_What this task involves_.
Would you count how many lines of the entries below include the word "schematic"? Give nothing but the number.

Dataset excerpts:
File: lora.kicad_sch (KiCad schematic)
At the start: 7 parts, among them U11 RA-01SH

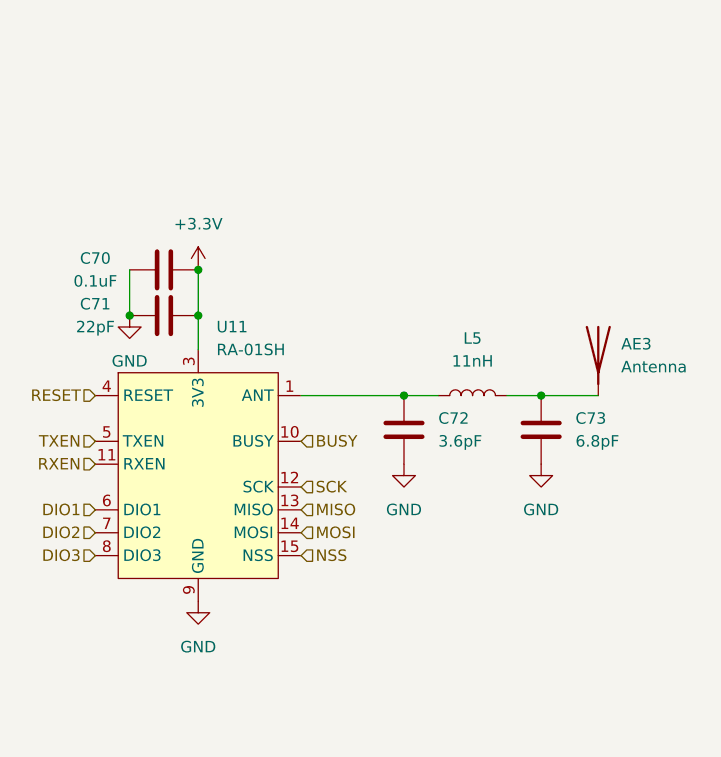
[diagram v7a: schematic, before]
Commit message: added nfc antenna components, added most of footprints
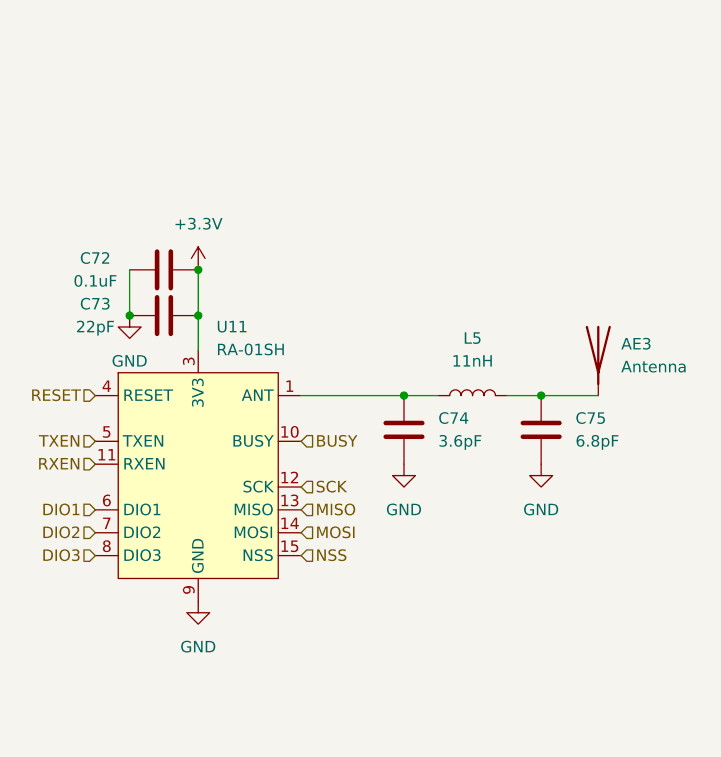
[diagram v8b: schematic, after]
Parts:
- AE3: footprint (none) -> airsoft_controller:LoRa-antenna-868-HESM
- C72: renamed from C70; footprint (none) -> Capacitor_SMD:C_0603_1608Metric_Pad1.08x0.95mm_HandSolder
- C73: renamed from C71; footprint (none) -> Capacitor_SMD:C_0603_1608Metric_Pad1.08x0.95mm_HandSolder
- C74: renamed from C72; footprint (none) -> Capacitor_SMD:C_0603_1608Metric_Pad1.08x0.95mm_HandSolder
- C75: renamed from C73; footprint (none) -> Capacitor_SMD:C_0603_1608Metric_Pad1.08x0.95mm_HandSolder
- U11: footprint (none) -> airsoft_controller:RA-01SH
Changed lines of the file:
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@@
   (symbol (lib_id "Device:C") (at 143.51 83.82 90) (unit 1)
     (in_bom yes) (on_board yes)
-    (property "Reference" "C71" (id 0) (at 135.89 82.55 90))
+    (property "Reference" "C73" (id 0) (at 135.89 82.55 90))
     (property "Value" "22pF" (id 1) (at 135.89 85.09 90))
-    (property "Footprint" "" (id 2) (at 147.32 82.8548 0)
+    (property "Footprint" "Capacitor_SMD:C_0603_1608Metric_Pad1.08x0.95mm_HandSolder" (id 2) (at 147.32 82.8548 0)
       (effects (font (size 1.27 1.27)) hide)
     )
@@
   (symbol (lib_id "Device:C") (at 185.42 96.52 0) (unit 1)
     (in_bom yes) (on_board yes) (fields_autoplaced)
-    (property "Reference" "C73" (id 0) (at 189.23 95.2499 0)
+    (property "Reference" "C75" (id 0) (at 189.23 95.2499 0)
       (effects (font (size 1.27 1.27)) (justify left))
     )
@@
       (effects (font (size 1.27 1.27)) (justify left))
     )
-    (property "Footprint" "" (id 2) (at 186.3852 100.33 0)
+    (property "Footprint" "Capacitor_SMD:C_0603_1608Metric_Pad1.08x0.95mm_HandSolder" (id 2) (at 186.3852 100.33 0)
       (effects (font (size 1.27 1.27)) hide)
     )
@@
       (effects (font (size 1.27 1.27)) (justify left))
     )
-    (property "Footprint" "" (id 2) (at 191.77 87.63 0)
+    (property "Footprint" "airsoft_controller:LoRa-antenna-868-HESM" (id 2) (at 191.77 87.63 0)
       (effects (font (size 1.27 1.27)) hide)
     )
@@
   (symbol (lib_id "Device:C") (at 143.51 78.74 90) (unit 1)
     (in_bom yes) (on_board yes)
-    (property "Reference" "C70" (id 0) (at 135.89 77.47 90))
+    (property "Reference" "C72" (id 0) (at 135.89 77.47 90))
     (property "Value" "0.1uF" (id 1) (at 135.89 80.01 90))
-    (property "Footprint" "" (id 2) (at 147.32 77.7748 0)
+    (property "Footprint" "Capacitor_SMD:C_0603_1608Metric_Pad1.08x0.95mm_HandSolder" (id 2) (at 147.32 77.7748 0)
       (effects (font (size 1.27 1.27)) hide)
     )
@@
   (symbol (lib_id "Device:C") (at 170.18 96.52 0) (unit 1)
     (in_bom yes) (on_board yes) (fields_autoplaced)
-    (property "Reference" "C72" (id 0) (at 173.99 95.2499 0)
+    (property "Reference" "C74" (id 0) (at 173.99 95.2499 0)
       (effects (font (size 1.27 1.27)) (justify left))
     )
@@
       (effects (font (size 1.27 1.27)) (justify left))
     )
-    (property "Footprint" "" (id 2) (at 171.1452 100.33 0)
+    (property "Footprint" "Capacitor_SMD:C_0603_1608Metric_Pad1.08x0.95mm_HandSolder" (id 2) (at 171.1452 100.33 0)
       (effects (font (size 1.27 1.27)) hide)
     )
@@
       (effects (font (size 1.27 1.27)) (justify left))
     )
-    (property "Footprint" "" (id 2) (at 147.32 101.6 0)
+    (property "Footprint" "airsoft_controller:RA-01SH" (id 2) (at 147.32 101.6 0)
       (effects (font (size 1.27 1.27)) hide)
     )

_Your solution_.
3